A practical alternative already exists
You do not need frontier-scale models to benefit from AI. A growing ecosystem of open-source, locally deployable language models provides organizations with far more autonomy, privacy, and control.
A $100 Raspberry Pi—or any modest home or office server—can run a compact open-source model using tools like Ollama or GPT4All. These models don’t “learn” on the fly the way people do, but they can produce high-quality responses while remaining completely contained within your own environment. More importantly, they can be paired with a private knowledge base using retrieval systems. That means the model can reference your own research library, internal documentation, or curated public resources like Wikipedia—without training on the entire internet, and without sending your data to an external provider.
These systems build on your own data instead of extracting it, strengthen your institutional memory instead of commoditizing it, and run at a fraction of the cost.
This approach allows an organization to create an AI system aligned with its actual priorities, values, and domain expertise. It becomes a private assistant rather than a generalized product shaped by the incentives of a trillion-dollar platform. And the alternative doesn’t have to be a solitary effort.
Neighborhoods, campuses, or company departments can form a “mesh network”—a set of devices connected directly through Wi-Fi or cables rather than through the public internet. One node can host a local model; others can contribute or withhold their own data stores. Instead of a single company owning the infrastructure and the knowledge, you get something closer to a community data commons or a digital library system.
Projects like the High Desert Institute’s LoreKeeper’s Guild are already experimenting with this approach. Their “Librarian” initiative envisions local libraries acting as the data hubs for mesh-networked AI systems—resilient enough to function even during connectivity disruptions. But their deeper innovation is architectural. These systems give organizations access to powerful language capabilities without subscription costs, lock-in, data extraction, or exposure of proprietary information.

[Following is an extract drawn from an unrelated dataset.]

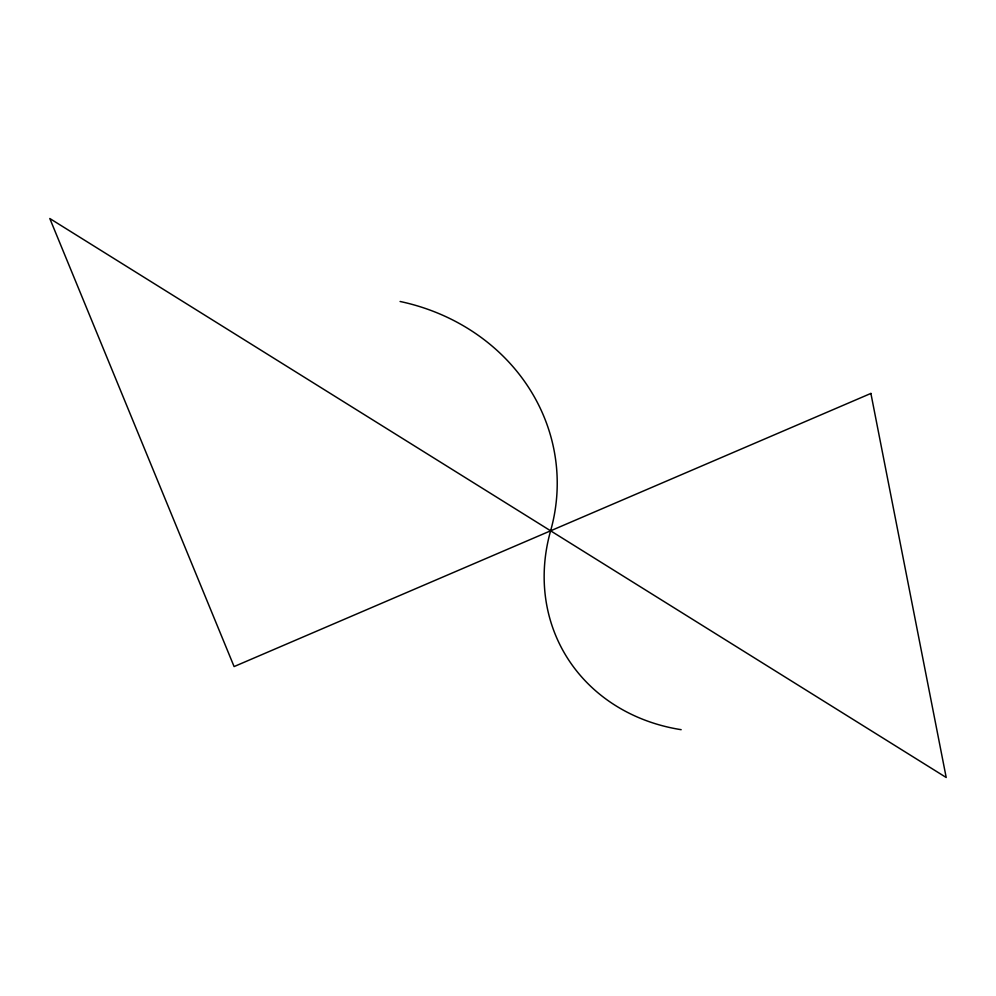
<?xml version="1.0" encoding="UTF-8"?>
<svg xmlns="http://www.w3.org/2000/svg" width="996" height="996" viewBox="0 0 996 996"><rect width="100%" height="100%" fill="white"/><g stroke="black" fill="none" stroke-linecap="round" stroke-linejoin="round"><path stroke-width="1.49" d="M681.164 729.682A194.369 169.457 -28.7 0 1 550.614 530.806A206.122 188.966 -4.4 0 0 400.081 301.477M870.89 393.432L234.097 666.573L49.8 218.51L946.2 777.49L870.89 393.432"/></g></svg>

Local or community models enable organizations to:
- Curate their own data
- Maintain complete privacy by keeping computation on-site
- Reduce latency to near zero
- Preserve and strengthen internal expertise
- Avoid recurring token or API costs
And they do so using energy and computing resources that are orders of magnitude lower than those required by frontier-scale models.
Why decentralized AI matters now
The more institutions adopt localized or mesh-based AI, the less they are compelled to fund the centralized companies racing toward AGI. Those companies have made an effective argument: that sophisticated AI is only possible through their services. But much of what organizations pay for is not their own productivity—it is the construction of massive server farms, procurement of rare chips, and long-term bets on energy-intensive infrastructure.
By contrast, in-house or community-run systems can be deployed once and maintained indefinitely. A week of setup can eliminate a decade of subscription payments. A small rural library has already demonstrated the feasibility of operating a self-hosted LLM node; a Fortune 500 company should have no trouble doing the same.
Still, history suggests that most organizations will choose the convenient option rather than the autonomous one. Few people accessed the early internet directly; they chose AOL. Today, many will continue to choose centralized AI services, even when they offer the least control. But what social media companies did to businesses that mistook them for “the internet” will be mild compared to what comes when companies mistake these proprietary interfaces for “AI” itself.
Decentralized AI already exists. The question now is whether we’ll choose to use it.